Many of these individuals have been identified as illegal immigrants who entered America via the southern border with Mexico.

According to Breitbart, the Iranian state propaganda outlet PressTV quoted Hossein Noushabadi, the Parliamentary Director General of the Foreign Ministry, as the official who confirmed the acceptance of the deported individuals. PressTV, known for its often vitriolic content against the United States, reported the return of the Iranians in a surprisingly neutral article.

It stated that President Donald Trump has increased the number of aggressive deportations due to years of insufficient enforcement, including under his Democratic predecessor, Joe Biden.

The decision by Tehran to accept its returned nationals without incident is a notable deviation from the typically contentious relationship between the repressive Islamist regime and the United States. This decision is particularly striking given the recent restoration of pre-agreement sanctions on Iran by the other Western members of the 2015 Joint Comprehensive Plan of Action (JCPOA), or Iran nuclear deal, with the support of the United States.

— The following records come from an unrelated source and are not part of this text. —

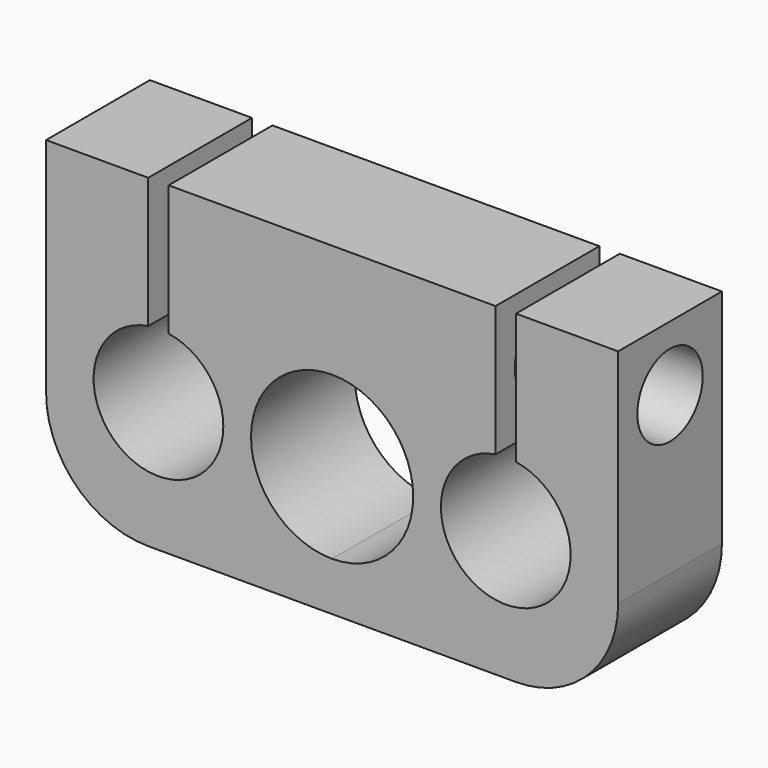
from build123d import *

# Parameters (mm, degrees)
F1_DEPTH = 6.35
F2_R     = 2
F3_DEPTH = 22.5
F4_R     = 5
F5_R     = 1.75
F6_DEPTH = 28.001


# Not quite as in the source:
# - a feature names something its author has since deleted; it is built from what else it names


with BuildPart() as f1:
    # F0 (on Front) → F1 (new body)
    with BuildSketch(Plane.XZ):
        with BuildLine():
            ThreePointArc((0, -3.96875), (-3.96875, 0), (0, 3.96875))
            Line((0, 3.96875), (0, 9.525))
            Line((0, 9.525), (-8, 9.525))
            Line((-8, 9.525), (-8, 3.1353827518))
            ThreePointArc((-8, 3.1353827518), (-6.0846195952, 2.0607189279), (-5.325, 0))
            ThreePointArc((-5.325, 0), (-10.5607189279, -2.4153804048), (-9, 3.1353827518))
            Line((-9, 3.1353827518), (-9, 9.525))
            Line((-9, 9.525), (-14, 9.525))
            Line((-14, 9.525), (-14, -6.35))
            Line((-14, -6.35), (0, -6.35))
            Line((0, -6.35), (0, -3.96875))
        make_face()
        with BuildLine():
            ThreePointArc((0, 3.96875), (2.8063300378, 2.8063300378), (3.96875, 0))
            ThreePointArc((3.96875, 0), (2.8063300378, -2.8063300378), (0, -3.96875))
            Line((0, -3.96875), (0, -6.35))
            Line((0, -6.35), (14, -6.35))
            Line((14, -6.35), (14, 9.525))
            Line((14, 9.525), (9, 9.525))
            Line((9, 9.525), (9, 3.1353827518))
            ThreePointArc((9, 3.1353827518), (10.9153804048, 2.0607189279), (11.675, 0))
            ThreePointArc((11.675, 0), (6.4392810721, -2.4153804048), (8, 3.1353827518))
            Line((8, 3.1353827518), (8, 9.525))
            Line((8, 9.525), (0, 9.525))
            Line((0, 9.525), (0, 3.96875))
        make_face()
    extrude(amount=F1_DEPTH)

    # F2 (on face) → F3 (cut)
    with BuildSketch(Plane.YZ.offset(14)):
        with Locations((-3.175, 6.35)):
            Circle(F2_R)
    extrude(amount=-F3_DEPTH, mode=Mode.SUBTRACT)

    # F4
    f4_edges = [f1.edges().sort_by_distance(p)[0] for p in [
        (14, -3.175, -6.35),
        (-14, -3.175, -6.35),
    ]]
    fillet(f4_edges, radius=F4_R)

    # F5 (on face) → F6 (cut, through all)
    with BuildSketch(Plane(origin=(-14, 0, 0), x_dir=(0, -1, 0), z_dir=(-1, 0, 0))):
        with Locations((3.175, 6.35)):
            Circle(F5_R)
    extrude(amount=-F6_DEPTH, mode=Mode.SUBTRACT)


solid = f1.part

US Immigration Service is planning to expel about 400 Iranians currently living in the United States, most of whom entered illegally, in light of the new approach of the U.S. government, which has an anti-immigrant approach, Noushabadi reportedly stated. He did not clarify whether the 120 individuals en route to Iran are separate from the 400 total expected to return. He further explained that those returning will fly out of the United States to Qatar, where they will be processed and then returned to Iran.

Interestingly, Noushabadi claimed that not all those deported entered the country illegally. Some, he said, had residence permits, for reasons stated by the U.S. Immigration Service, they decided to include them on the list. Some of these individuals reportedly had their asylum requests denied.

Despite the Iranian regime's long-standing record of human rights abuses against its own citizens, Noushabadi insisted that Tehran had demanded Washington be sensitive to respecting the rights of Iranian immigrants.

He also assured that the individuals in question would face no restrictions upon returning home, beyond the general repression that all Iranian citizens face under the Islamist regime. He clarified that these individuals had not violated Iranian law and did not suggest that any of them were fleeing political persecution or were dissidents.

The PressTV report followed a claim in a leftist newspaper that the deportations were occurring. The independent outlet Iran International reported that the Iranians were flying out of Louisiana on Monday and would first land in Qatar.

It also noted that the Trump administration had previously deported Iranians this year, but not back to Iran: Earlier this year, groups of Iranians, including converts to Christianity who face possible persecution at home, were flown to Costa Rica and Panama.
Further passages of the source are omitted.